Sorry we don’t have a proper picture, but here’s a jar of marbles.
Somewhere, someone is already writing a pitch for an indie movie.
The Strange Sexual Quirk of Filipino Seafarers
by Ryan Jacobs
When Norwegian anthropologist Gunnar Lamvik first began living in Iloilo city, a seafaring haven in the southern Philippines, he sensed he wasn’t getting the richest and most detailed information about the shipping experience from interviews with his neighbors, who were home on two-month vacations from 10 months at sea. To crack the cultural mystery of any total institution, you have to go inside, he reasoned. “If you [want] a feeling of a seafarer’s life, you have to be at sea with them when they are open,” said Lamvik, who now studies how cultural differences affect occupational safety at a Norway-based think-tank called SINTEF. “It’s important to be on board for some time, and build trust. That’s the crucial thing to do.”
For the next three years, he was on and off ships, floating with his subjects from port to port and trying to make that connection.
At a raucous karaoke crew member party somewhere in the middle of the Indian Ocean, it began to happen. He belted out the lyrics to “House of the Rising Sun.” Then, he insisted on singing it again. “That was a real ice breaker,” he said.
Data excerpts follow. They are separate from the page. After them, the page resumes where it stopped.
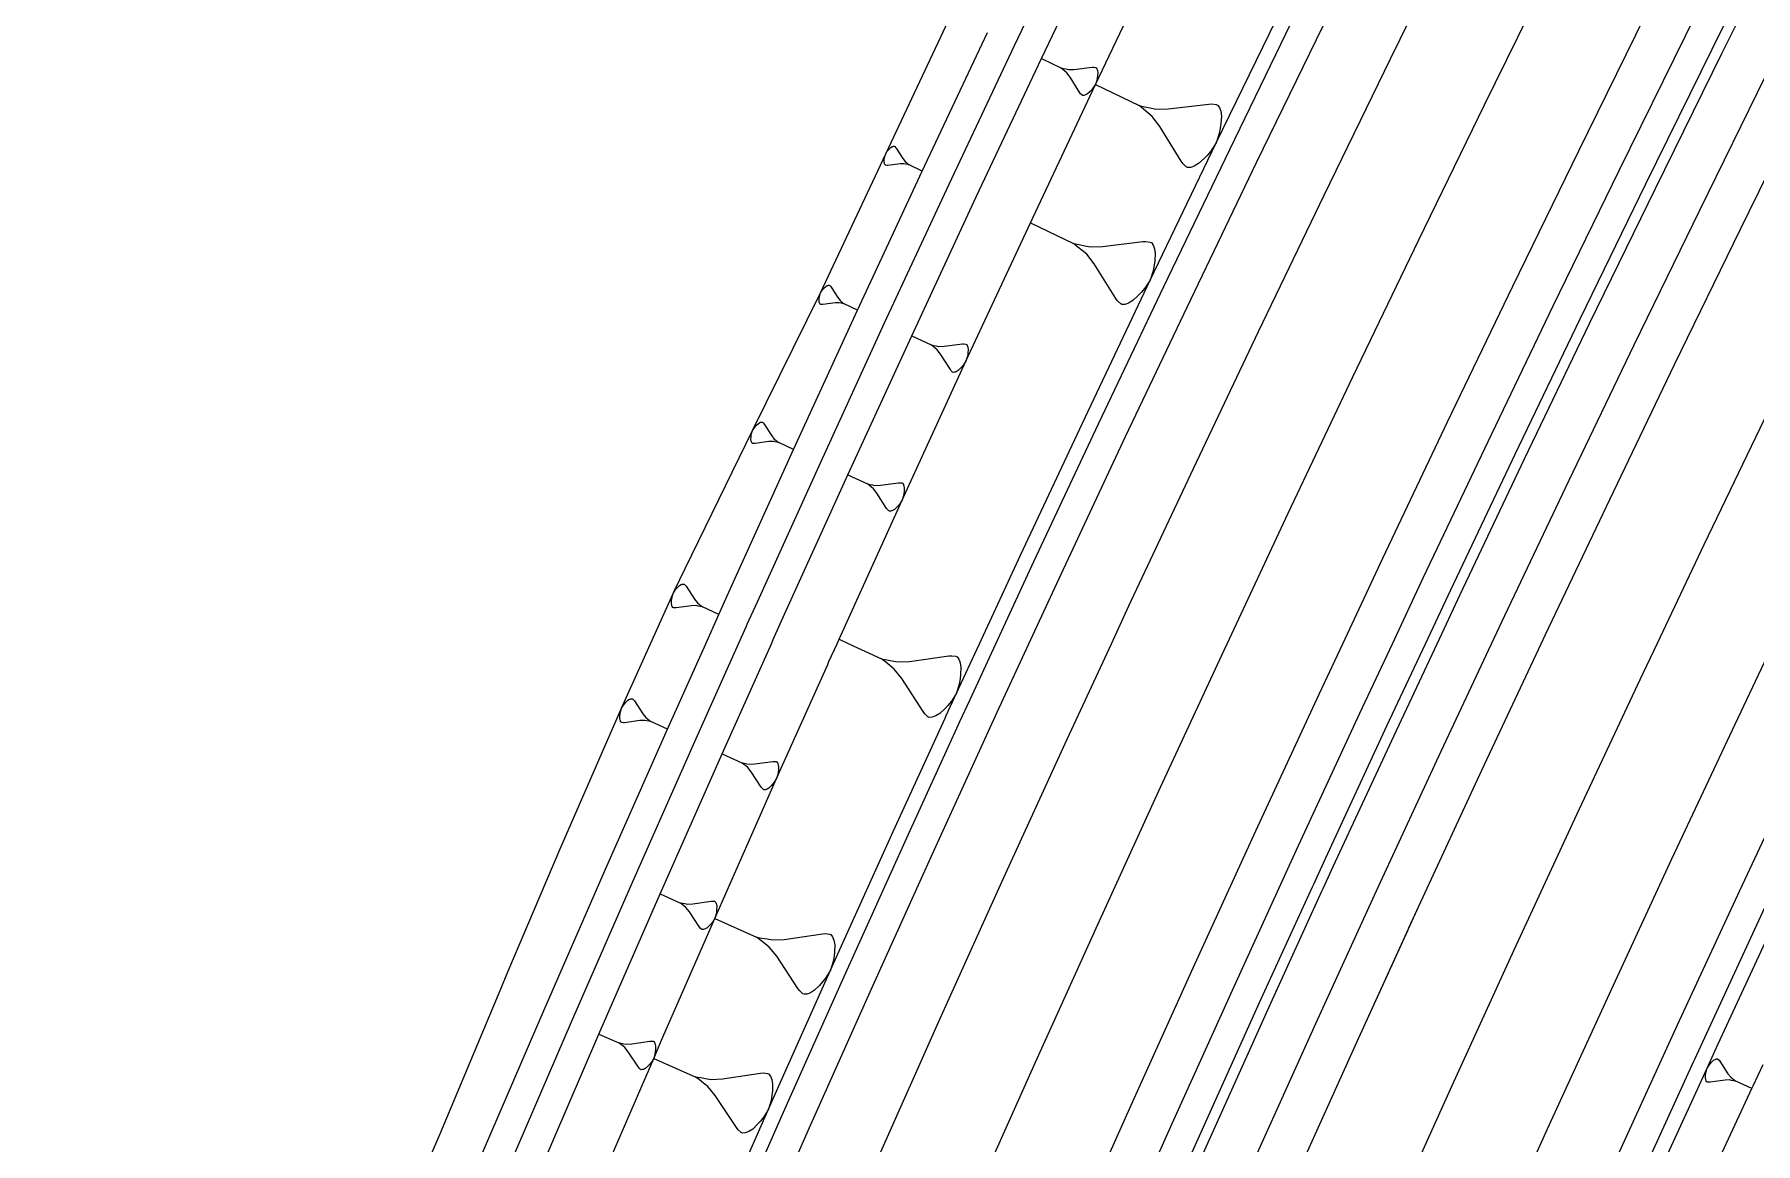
# Model space of a CAD drawing. Extents: x 386614 to 387594, y 803230 to 804419.
# Drawn here: x 387200 to 387257.5, y 803983.3 to 804020.3 of the extents above; entities that cross this region are included whole.
import ezdxf

# ---------------------------------------------------------------- set-up
doc = ezdxf.new("R2010")
doc.units = 0
doc.layers.get('0').update_dxf_attribs({"linetype": 'CONTINUOUS'})

msp = doc.modelspace()

# ---------------------------------------------------------------- linework, layer by layer
at = {"color": 7}
for p, q in [((387233.6241, 804019.5448), (387234.2738, 804019.2307)), ((387234.2738, 804019.2307), (387234.357, 804019.2134)), ((387234.339, 804019.1763), (387234.2738, 804019.2307)), ((387234.4043, 804019.1218), (387234.339, 804019.1763)), ((387234.357, 804019.2134), (387234.4402, 804019.196)), ((387234.4696, 804019.0673), (387234.4043, 804019.1218)), ((387234.4402, 804019.196), (387234.5234, 804019.1787)), ((387234.5822, 804018.9213), (387234.4696, 804019.0673)), ((387234.5234, 804019.1787), (387234.7078, 804019.1812)), ((387234.7078, 804019.1812), (387235.3155, 804019.2538)), ((387235.3155, 804019.2538), (387235.3616, 804019.2544)), ((387235.3616, 804019.2544), (387235.4263, 804019.246)), ((387235.4263, 804019.246), (387235.4448, 804019.2371)), ((387235.4448, 804019.2371), (387235.473, 804019.2006)), ((387235.473, 804019.2006), (387235.4826, 804019.173)), ((387235.4826, 804019.173), (387235.4922, 804019.1455)), ((387235.4922, 804019.1455), (387235.5024, 804019.0718)), ((387235.5024, 804019.0718), (387235.4946, 804018.9611)), ((387234.9027, 804018.3999), (387234.5822, 804018.9213)), ((387235.2888, 804018.488), (387235.2433, 804018.4413)), ((387235.3433, 804018.5533), (387235.2888, 804018.488)), ((387235.4247, 804018.6743), (387235.3433, 804018.5533)), ((387235.4689, 804018.8132), (387235.4247, 804018.6743)), ((387235.4247, 804018.6743), (387236.8794, 804017.9709)), ((387235.4863, 804018.8964), (387235.4689, 804018.8132)), ((387235.4946, 804018.9611), (387235.4863, 804018.8964)), ((387234.9308, 804018.3634), (387234.9027, 804018.3999)), ((387234.9775, 804018.3179), (387234.9308, 804018.3634)), ((387234.9961, 804018.3089), (387234.9775, 804018.3179)), ((387235.0422, 804018.3095), (387234.9961, 804018.3089)), ((387235.0697, 804018.3191), (387235.0422, 804018.3095)), ((387235.0973, 804018.3287), (387235.0697, 804018.3191)), ((387235.1613, 804018.3665), (387235.0973, 804018.3287)), ((387235.2433, 804018.4413), (387235.1613, 804018.3665)), ((387236.8794, 804017.9709), (387237.0657, 804017.9321)), ((387237.0255, 804017.849), (387236.8794, 804017.9709)), ((387237.0657, 804017.9321), (387237.2521, 804017.8933)), ((387237.8513, 804017.86), (387239.2119, 804018.0226)), ((387239.2119, 804018.0226), (387239.3151, 804018.024)), ((387239.3151, 804018.024), (387239.4599, 804018.0052)), ((387239.4599, 804018.0052), (387239.5015, 804017.9851)), ((387239.5015, 804017.9851), (387239.5645, 804017.9034)), ((387239.5645, 804017.9034), (387239.586, 804017.8417)), ((387237.1717, 804017.727), (387237.0255, 804017.849)), ((387237.3178, 804017.6051), (387237.1717, 804017.727)), ((387237.2521, 804017.8933), (387237.4384, 804017.8545)), ((387237.57, 804017.2781), (387237.3178, 804017.6051)), ((387237.4384, 804017.8545), (387237.8513, 804017.86)), ((387239.586, 804017.8417), (387239.6074, 804017.7801)), ((387239.6129, 804017.3672), (387239.5942, 804017.2224)), ((387239.6074, 804017.7801), (387239.6303, 804017.6152)), ((387239.6303, 804017.6152), (387239.6129, 804017.3672)), ((387238.2875, 804016.1107), (387237.57, 804017.2781)), ((387239.5554, 804017.0361), (387239.4563, 804016.725)), ((387239.5942, 804017.2224), (387239.5554, 804017.0361)), ((387228.3753, 804016.1706), (387228.3808, 804016.2144)), ((387228.3808, 804016.2144), (387228.3922, 804016.2707)), ((387228.3922, 804016.2707), (387228.4217, 804016.3647)), ((387228.4217, 804016.3647), (387228.4763, 804016.4468)), ((387228.4763, 804016.4468), (387228.5129, 804016.4911)), ((387228.5129, 804016.4911), (387228.5435, 804016.5228)), ((387228.5435, 804016.5228), (387228.5987, 804016.5737)), ((387228.5987, 804016.5737), (387228.6419, 804016.5994)), ((387228.6419, 804016.5994), (387228.6605, 804016.606)), ((387228.6605, 804016.606), (387228.6791, 804016.6125)), ((387228.6791, 804016.6125), (387228.7102, 804016.6131)), ((387228.7102, 804016.6131), (387228.7228, 804016.6071)), ((387228.7228, 804016.6071), (387228.7545, 804016.5765)), ((387228.7545, 804016.5765), (387228.7737, 804016.5519)), ((387228.7737, 804016.5519), (387228.992, 804016.2004)), ((387228.992, 804016.2004), (387229.0686, 804016.1021)), ((387239.0502, 804016.2034), (387238.8666, 804016.0358)), ((387239.1521, 804016.308), (387239.0502, 804016.2034)), ((387239.274, 804016.4542), (387239.1521, 804016.308)), ((387239.4563, 804016.725), (387239.274, 804016.4542)), ((387228.3704, 804016.0957), (387228.3753, 804016.1706)), ((387228.3776, 804016.046), (387228.3704, 804016.0957)), ((387228.3841, 804016.0274), (387228.3776, 804016.046)), ((387228.3907, 804016.0088), (387228.3841, 804016.0274)), ((387228.4099, 804015.9842), (387228.3907, 804016.0088)), ((387228.4224, 804015.9782), (387228.4099, 804015.9842)), ((387228.4662, 804015.9727), (387228.4224, 804015.9782)), ((387228.4973, 804015.9733), (387228.4662, 804015.9727)), ((387228.9079, 804016.0244), (387228.4973, 804015.9733)), ((387229.0326, 804016.0266), (387228.9079, 804016.0244)), ((387229.0889, 804016.0152), (387229.0326, 804016.0266)), ((387229.0686, 804016.1021), (387229.1129, 804016.0655)), ((387229.1452, 804016.0037), (387229.0889, 804016.0152)), ((387229.1129, 804016.0655), (387229.1572, 804016.0289)), ((387229.2015, 804015.9922), (387229.1452, 804016.0037)), ((387229.1572, 804016.0289), (387229.2015, 804015.9922)), ((387229.6418, 804015.782), (387229.2015, 804015.9922)), ((387238.3505, 804016.0289), (387238.2875, 804016.1107)), ((387238.4551, 804015.9271), (387238.3505, 804016.0289)), ((387238.4967, 804015.907), (387238.4551, 804015.9271)), ((387238.5999, 804015.9084), (387238.4967, 804015.907)), ((387238.6616, 804015.9298), (387238.5999, 804015.9084)), ((387238.7232, 804015.9513), (387238.6616, 804015.9298)), ((387238.8666, 804016.0358), (387238.7232, 804015.9513)), ((387233.2512, 804014.058), (387234.6961, 804013.3679)), ((387234.6961, 804013.3679), (387234.8809, 804013.3303)), ((387234.8415, 804013.2478), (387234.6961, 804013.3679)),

It was in this type of loose, booze-flowing setting that he learned the most about the lives of his shipmates. And soon, conversations turned to perhaps the most fascinating part of the Filipino seafaring identity, the little-known and barely studied sexual practice of “bolitas,” or little balls.
Many Filipino sailors make small incisions in their penises and slide tiny plastic or stone balls — the size of M&M’s — underneath the skin in order to enhance sexual pleasure for prostitutes and other women they encounter in port cities, especially in Rio de Janeiro. “This ‘secret weapon of the Filipinos,’ as a second mate phrased it, has therefore obviously something to do,” Lamvik wrote in his thesis, “‘with the fact that ‘the Filipinos are so small, and the Brazilian women are so big’ as another second mate put it.”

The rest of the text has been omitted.